++++ Records to process

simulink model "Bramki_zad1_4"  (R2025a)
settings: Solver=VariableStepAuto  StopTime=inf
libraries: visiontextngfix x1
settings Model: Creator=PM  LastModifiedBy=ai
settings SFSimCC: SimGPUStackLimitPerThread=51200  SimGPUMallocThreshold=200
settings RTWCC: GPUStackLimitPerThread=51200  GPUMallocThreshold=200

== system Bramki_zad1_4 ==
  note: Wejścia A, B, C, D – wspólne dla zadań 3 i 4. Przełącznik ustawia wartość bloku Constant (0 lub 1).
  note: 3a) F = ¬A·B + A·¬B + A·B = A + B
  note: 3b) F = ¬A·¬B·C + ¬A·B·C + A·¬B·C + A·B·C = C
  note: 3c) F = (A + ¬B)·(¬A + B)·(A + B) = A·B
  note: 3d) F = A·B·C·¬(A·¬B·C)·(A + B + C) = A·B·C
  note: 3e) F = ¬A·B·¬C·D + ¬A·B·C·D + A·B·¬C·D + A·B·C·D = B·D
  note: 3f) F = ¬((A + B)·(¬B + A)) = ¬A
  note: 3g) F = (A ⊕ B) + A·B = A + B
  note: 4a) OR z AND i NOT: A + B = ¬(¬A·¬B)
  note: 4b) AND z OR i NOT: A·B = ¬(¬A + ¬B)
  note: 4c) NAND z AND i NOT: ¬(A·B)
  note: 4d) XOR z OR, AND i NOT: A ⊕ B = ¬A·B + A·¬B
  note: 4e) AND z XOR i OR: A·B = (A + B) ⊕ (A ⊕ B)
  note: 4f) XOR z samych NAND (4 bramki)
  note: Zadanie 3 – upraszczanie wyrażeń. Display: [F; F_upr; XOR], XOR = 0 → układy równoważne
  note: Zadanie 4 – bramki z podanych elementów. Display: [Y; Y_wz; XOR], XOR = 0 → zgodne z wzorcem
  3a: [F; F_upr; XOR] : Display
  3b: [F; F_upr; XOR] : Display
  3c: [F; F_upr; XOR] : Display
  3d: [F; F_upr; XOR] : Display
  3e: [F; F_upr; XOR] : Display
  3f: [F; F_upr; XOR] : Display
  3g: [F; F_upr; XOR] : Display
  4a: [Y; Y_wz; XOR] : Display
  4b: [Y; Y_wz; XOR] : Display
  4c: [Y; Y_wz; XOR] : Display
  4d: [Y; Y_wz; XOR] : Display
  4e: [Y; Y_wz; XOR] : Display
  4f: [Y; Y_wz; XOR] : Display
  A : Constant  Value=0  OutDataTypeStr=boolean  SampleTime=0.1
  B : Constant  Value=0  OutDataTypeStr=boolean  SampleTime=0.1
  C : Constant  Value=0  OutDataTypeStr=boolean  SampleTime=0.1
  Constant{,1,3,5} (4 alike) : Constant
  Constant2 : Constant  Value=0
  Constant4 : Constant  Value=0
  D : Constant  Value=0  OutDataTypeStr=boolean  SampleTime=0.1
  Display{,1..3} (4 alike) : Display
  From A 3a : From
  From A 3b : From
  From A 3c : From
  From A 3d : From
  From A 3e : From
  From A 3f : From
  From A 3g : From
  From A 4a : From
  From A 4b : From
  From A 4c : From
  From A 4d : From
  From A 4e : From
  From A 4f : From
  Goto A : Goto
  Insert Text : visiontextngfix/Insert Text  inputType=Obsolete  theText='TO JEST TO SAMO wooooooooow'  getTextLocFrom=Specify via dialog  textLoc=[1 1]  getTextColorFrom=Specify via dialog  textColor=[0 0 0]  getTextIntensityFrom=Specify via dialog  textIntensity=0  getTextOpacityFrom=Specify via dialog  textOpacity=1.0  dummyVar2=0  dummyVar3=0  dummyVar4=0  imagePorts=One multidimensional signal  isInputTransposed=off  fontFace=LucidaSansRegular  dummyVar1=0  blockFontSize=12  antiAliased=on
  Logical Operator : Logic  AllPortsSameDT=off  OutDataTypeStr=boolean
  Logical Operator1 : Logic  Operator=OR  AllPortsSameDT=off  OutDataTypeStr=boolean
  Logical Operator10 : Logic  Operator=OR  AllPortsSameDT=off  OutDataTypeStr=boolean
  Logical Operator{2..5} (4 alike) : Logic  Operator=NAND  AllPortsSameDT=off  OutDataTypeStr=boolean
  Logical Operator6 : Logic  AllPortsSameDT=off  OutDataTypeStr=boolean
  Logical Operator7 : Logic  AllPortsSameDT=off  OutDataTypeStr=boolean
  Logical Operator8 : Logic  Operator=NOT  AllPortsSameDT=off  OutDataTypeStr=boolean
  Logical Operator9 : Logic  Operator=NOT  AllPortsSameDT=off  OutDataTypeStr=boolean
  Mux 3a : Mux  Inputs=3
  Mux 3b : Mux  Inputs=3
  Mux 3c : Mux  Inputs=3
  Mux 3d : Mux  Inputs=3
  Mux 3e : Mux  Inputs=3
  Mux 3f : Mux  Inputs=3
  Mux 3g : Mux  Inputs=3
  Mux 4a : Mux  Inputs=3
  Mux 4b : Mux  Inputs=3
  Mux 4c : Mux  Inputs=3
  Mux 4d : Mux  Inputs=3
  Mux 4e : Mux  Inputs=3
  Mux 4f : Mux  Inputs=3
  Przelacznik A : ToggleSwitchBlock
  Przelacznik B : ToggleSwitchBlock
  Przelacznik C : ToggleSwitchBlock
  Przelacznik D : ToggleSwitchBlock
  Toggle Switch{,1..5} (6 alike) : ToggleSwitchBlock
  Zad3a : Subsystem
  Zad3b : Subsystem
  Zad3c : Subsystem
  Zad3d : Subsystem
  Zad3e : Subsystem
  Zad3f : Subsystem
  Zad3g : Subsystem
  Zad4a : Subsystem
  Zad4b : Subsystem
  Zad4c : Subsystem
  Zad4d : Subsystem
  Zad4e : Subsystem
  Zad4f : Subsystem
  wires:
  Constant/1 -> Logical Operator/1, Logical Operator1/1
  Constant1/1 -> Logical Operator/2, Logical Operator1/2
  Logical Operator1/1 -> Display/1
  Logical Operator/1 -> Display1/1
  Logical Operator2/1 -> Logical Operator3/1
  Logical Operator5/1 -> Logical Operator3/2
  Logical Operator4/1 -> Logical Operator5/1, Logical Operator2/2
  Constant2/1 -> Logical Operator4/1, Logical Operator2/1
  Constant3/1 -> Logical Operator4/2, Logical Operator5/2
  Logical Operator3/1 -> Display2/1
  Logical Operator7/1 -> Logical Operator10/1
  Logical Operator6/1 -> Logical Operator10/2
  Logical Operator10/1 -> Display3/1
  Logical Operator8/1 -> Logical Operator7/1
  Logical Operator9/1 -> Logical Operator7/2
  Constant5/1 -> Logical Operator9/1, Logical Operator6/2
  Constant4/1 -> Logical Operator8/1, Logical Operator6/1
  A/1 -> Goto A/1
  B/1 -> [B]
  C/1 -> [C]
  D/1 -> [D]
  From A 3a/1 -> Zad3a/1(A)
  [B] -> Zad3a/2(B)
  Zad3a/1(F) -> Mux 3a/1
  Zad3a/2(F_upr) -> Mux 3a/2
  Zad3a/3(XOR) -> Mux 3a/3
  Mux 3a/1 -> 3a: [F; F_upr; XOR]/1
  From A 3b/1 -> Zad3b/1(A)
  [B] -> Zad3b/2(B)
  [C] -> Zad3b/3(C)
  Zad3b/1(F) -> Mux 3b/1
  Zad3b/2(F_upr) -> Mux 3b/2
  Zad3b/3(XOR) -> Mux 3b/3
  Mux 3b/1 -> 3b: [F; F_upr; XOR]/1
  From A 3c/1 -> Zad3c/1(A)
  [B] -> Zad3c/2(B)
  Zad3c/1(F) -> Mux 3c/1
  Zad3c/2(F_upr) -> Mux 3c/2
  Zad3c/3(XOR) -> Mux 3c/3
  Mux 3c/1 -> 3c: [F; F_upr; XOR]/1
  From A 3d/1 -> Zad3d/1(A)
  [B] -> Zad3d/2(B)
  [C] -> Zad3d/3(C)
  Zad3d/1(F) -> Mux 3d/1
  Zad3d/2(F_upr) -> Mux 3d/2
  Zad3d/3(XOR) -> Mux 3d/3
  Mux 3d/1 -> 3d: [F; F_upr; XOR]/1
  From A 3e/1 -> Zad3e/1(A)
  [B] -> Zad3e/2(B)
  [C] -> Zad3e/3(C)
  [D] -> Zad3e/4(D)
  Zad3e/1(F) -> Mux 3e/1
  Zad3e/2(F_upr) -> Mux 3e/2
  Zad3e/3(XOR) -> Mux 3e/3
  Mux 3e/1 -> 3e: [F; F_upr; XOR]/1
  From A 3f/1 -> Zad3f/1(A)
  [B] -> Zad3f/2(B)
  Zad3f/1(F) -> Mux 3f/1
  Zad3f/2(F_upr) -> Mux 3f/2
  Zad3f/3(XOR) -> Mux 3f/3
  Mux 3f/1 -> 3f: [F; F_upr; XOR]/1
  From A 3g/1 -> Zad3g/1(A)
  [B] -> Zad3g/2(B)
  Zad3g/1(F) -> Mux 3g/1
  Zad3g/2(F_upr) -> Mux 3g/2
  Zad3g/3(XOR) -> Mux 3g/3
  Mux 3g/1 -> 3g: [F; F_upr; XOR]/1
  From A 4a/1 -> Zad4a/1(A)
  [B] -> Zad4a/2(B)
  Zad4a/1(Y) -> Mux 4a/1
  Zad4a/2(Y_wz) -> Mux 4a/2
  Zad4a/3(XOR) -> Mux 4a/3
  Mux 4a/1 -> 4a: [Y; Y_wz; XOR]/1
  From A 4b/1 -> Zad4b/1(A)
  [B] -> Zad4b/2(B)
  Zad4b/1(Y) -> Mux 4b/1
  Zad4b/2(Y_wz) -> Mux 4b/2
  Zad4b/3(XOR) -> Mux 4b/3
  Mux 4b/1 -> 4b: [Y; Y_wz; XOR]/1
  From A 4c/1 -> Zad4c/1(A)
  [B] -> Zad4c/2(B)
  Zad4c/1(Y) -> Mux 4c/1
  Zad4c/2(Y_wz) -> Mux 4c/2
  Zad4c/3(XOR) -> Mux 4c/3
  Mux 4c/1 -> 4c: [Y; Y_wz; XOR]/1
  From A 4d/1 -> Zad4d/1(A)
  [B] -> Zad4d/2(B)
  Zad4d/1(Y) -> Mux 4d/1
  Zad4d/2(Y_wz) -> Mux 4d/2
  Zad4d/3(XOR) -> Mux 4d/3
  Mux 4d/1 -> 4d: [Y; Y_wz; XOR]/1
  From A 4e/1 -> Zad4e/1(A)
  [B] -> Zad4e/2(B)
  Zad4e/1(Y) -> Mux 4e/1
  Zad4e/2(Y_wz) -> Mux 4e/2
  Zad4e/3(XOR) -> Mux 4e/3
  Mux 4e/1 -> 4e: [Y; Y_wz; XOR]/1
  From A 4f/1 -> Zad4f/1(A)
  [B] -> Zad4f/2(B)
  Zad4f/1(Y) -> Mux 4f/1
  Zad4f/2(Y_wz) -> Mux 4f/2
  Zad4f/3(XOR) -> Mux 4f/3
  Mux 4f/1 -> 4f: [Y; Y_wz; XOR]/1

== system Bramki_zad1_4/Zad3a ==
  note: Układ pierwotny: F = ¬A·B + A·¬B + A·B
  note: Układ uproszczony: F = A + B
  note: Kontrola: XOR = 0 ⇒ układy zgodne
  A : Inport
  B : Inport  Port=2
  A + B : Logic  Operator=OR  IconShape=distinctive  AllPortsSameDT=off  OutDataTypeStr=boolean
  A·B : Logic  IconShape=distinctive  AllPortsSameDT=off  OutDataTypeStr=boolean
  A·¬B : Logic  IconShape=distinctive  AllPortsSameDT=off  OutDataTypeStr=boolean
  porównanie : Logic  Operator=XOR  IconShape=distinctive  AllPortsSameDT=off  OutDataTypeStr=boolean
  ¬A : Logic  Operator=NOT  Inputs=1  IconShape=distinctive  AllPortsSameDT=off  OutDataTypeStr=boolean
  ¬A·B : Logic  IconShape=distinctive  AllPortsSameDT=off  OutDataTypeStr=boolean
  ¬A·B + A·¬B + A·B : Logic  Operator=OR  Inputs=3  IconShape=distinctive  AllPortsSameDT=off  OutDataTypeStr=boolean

++++++++

__Activity__
Every line above from the line with "[B] -> Zad3g/2(B)" to the line with "Zad4c/3(XOR) -> Mux 4c/3", both included, must be reproduced exactly, and no other line may appear.

__Written response__
  [B] -> Zad3g/2(B)
  Zad3g/1(F) -> Mux 3g/1
  Zad3g/2(F_upr) -> Mux 3g/2
  Zad3g/3(XOR) -> Mux 3g/3
  Mux 3g/1 -> 3g: [F; F_upr; XOR]/1
  From A 4a/1 -> Zad4a/1(A)
  [B] -> Zad4a/2(B)
  Zad4a/1(Y) -> Mux 4a/1
  Zad4a/2(Y_wz) -> Mux 4a/2
  Zad4a/3(XOR) -> Mux 4a/3
  Mux 4a/1 -> 4a: [Y; Y_wz; XOR]/1
  From A 4b/1 -> Zad4b/1(A)
  [B] -> Zad4b/2(B)
  Zad4b/1(Y) -> Mux 4b/1
  Zad4b/2(Y_wz) -> Mux 4b/2
  Zad4b/3(XOR) -> Mux 4b/3
  Mux 4b/1 -> 4b: [Y; Y_wz; XOR]/1
  From A 4c/1 -> Zad4c/1(A)
  [B] -> Zad4c/2(B)
  Zad4c/1(Y) -> Mux 4c/1
  Zad4c/2(Y_wz) -> Mux 4c/2
  Zad4c/3(XOR) -> Mux 4c/3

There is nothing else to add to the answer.